Need a program that guarantees a fatal crash to reset my card

Does anyone have a program that guarantees a fatal CUDA crash? (permanent freeze, blue screen of death, etc. whatever the 1.0 driver can’t recover from)
I just found the random crashes i mentioned in another topic won’t happen between a fatal crash and the next non-fatal crash.
Source code and winXP executable are both welcome.
please send to hqm03ster@gmail.com or reply this topic.

Just try to write a cuda version of a forkbomb, and I’m sure you’ll manage to freeze the blasted card. Since the code on the card is asynchronous to the CPU runtime, I don’t know if the computer will freeze along with the GPU. Make sure to have as many bank conflicts as possible to worsen your forkbomb! External Media

Well, I tried this :)
It indeed managed to freeze CUDA. But it didn’t reset the card :(
I guess one has to confuse the driver more to reset it…

Might as well just turn the power off as that is what you will have to do to recover from the freeze…

I already tried power off (interval varies from several seconds to a day) before posting this…

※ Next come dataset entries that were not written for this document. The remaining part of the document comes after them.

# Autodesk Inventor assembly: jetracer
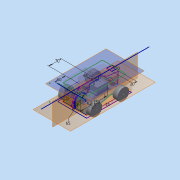
[picture p0: Inventor's stored thumbnail of the model, 180x180]
Saved by Autodesk Inventor 2022 (Build 260153000, 153)
## iProperties
Created: 2021-05-27
Part Number: jetracer
Material: Generisch
Document SubType Name: Assembly
Designer: Lukas
Author: Lukas
## Documents named in this file (11)
- E:\source\repos\S21\fachübergreifend\fennec bot\fennec-jet-racer\Konstruktion\jetracer.iam
- E:\source\repos\S21\fachübergreifend\fennec bot\fennec-jet-racer\Konstruktion\grundplatte.ipt
- E:\source\repos\S21\fachübergreifend\fennec bot\fennec-jet-racer\Konstruktion\waveshare_expansion_board.ipt
- E:\source\repos\S21\fachübergreifend\fennec bot\fennec-jet-racer\Konstruktion\abstandshalter_26mm.ipt
- E:\source\repos\S21\fachübergreifend\fennec bot\fennec-jet-racer\Konstruktion\abstandshalter_22mm.ipt
- E:\source\repos\S21\fachübergreifend\fennec bot\fennec-jet-racer\Konstruktion\jetson.ipt
- E:\source\repos\S21\fachübergreifend\fennec bot\fennec-jet-racer\Konstruktion\struktur.ipt
- E:\source\repos\S21\fachübergreifend\fennec bot\fennec-jet-racer\Konstruktion\reifen.ipt
- E:\source\repos\S21\fachübergreifend\fennec bot\fennec-jet-racer\Konstruktion\reifen_MIR.ipt
- E:\source\repos\S21\fachübergreifend\fennec bot\fennec-jet-racer\Konstruktion\chassis_front.ipt
- E:\source\repos\S21\fachübergreifend\fennec bot\fennec-jet-racer\Konstruktion\chassis_back.ipt
## Components (18 placed, 10 different names)
1. grundplatte:1 — Passend:1, Passend:2, Einfügen:1, Einfügen:2, Einfügen:3, Einfügen:4, Einfügen:5, Einfügen:6, Einfügen:7, Einfügen:8, Einfügen:9, Einfügen:10, Passend:3, Passend:4, Fluchtend:2, Fluchtend:3, Passend:6, Passend:7, Passend:11
2. waveshare_expansion_board:1 — Passend:2, Einfügen:1, Einfügen:2, Einfügen:11, Einfügen:12
3. abstandshalter_26mm:1 — Einfügen:6
4. abstandshalter_26mm:2 — Einfügen:3
5. abstandshalter_26mm:3 — Einfügen:5
6. abstandshalter_26mm:4 — Einfügen:4
7. abstandshalter_22mm:1 — Einfügen:10
8. abstandshalter_22mm:2 — Einfügen:9
9. abstandshalter_22mm:3 — Einfügen:7
10. abstandshalter_22mm:4 — Einfügen:8
11. jetson:1 — Einfügen:11, Einfügen:12, Fluchtend:4
12. struktur:1 — Fluchtend:2, Fluchtend:3, Fluchtend:4, Mate:10
13. reifen:1 — Passend:6, Passend:7
14. reifen_MIR:1
15. reifen:2
16. reifen_MIR:2
17. chassis_front:1 — Mate:10
18. chassis_back:1 — Passend:11, Passend:12
## Relationships (24: Insert 12, Mate 9, Flush 3)
- Passend:1 [Mate]: grundplatte:1
- Passend:2 [Mate] (26 mm): grundplatte:1 ↔ waveshare_expansion_board:1
- Einfügen:1 [Insert] (26 mm): grundplatte:1 ↔ waveshare_expansion_board:1
- Einfügen:2 [Insert] (26 mm): grundplatte:1 ↔ waveshare_expansion_board:1
- Einfügen:3 [Insert]: grundplatte:1 ↔ abstandshalter_26mm:2
- Einfügen:4 [Insert]: grundplatte:1 ↔ abstandshalter_26mm:4
- Einfügen:5 [Insert]: grundplatte:1 ↔ abstandshalter_26mm:3
- Einfügen:6 [Insert]: grundplatte:1 ↔ abstandshalter_26mm:1
- Einfügen:7 [Insert]: grundplatte:1 ↔ abstandshalter_22mm:3
- Einfügen:8 [Insert]: grundplatte:1 ↔ abstandshalter_22mm:4
- Einfügen:9 [Insert]: grundplatte:1 ↔ abstandshalter_22mm:2
- Einfügen:10 [Insert]: grundplatte:1 ↔ abstandshalter_22mm:1
- Einfügen:11 [Insert]: waveshare_expansion_board:1 ↔ jetson:1
- Passend:3 [Mate]: grundplatte:1
- Passend:4 [Mate]: grundplatte:1
- Einfügen:12 [Insert]: waveshare_expansion_board:1 ↔ jetson:1
- Fluchtend:2 [Flush]: grundplatte:1 ↔ struktur:1
- Fluchtend:3 [Flush]: grundplatte:1 ↔ struktur:1
- Fluchtend:4 [Flush]: jetson:1 ↔ struktur:1
- Passend:6 [Mate]: grundplatte:1 ↔ reifen:1
- Passend:7 [Mate] (5 mm): grundplatte:1 ↔ reifen:1
- Mate:10: struktur:1 ↔ chassis_front:1
- Passend:11 [Mate]: grundplatte:1 ↔ chassis_back:1
- Passend:12 [Mate]: chassis_back:1

writing to random memory locations is always fun, and fast too, just adapt the parallel Mersenne twister for maximum crashing performance!

If that is the case I would suggest you must be referencing unintialised memory somewhere - go thru your code with a fine toothed comb.

I did that, several times, before I start posting stuff here. Trust me, I’m not the kind of people that ask such questions before making sure it’s not an initialization problem.
I have a memset after every alloc on both CPU and GPU. And the random behavior doesn’t change. The only thing I haven’t initializing is a PBO, which is NEVER read. And .bss should always be initialized in winXP.
I also tried running the program step-by-step to nail down the crash. But adding printf, gets or enough test code around a kernel launch would stop it from crashing. >_<
Basically, things are less likely to crash if extra code slow it down enough. That makes it sounds like temperature-related. But once it crashed when nvcpl.dll reports 58…

If you run in emulation mode do you still get errors of some kind? And I think by uninitialized memory, it was possible that osiris meant unallocated memory. ie you’re reading or writing past the end of the space you allocated. I’ve found that running in emulation mode with valgrind can help track down such cases.

That’s a useful suggestion, but not likely since I allocated everything quite conservatively… I’d try anyway.

My last emulation run was correct. Another one would take hours to complete, though:(

The new emulation run indeed succeeded.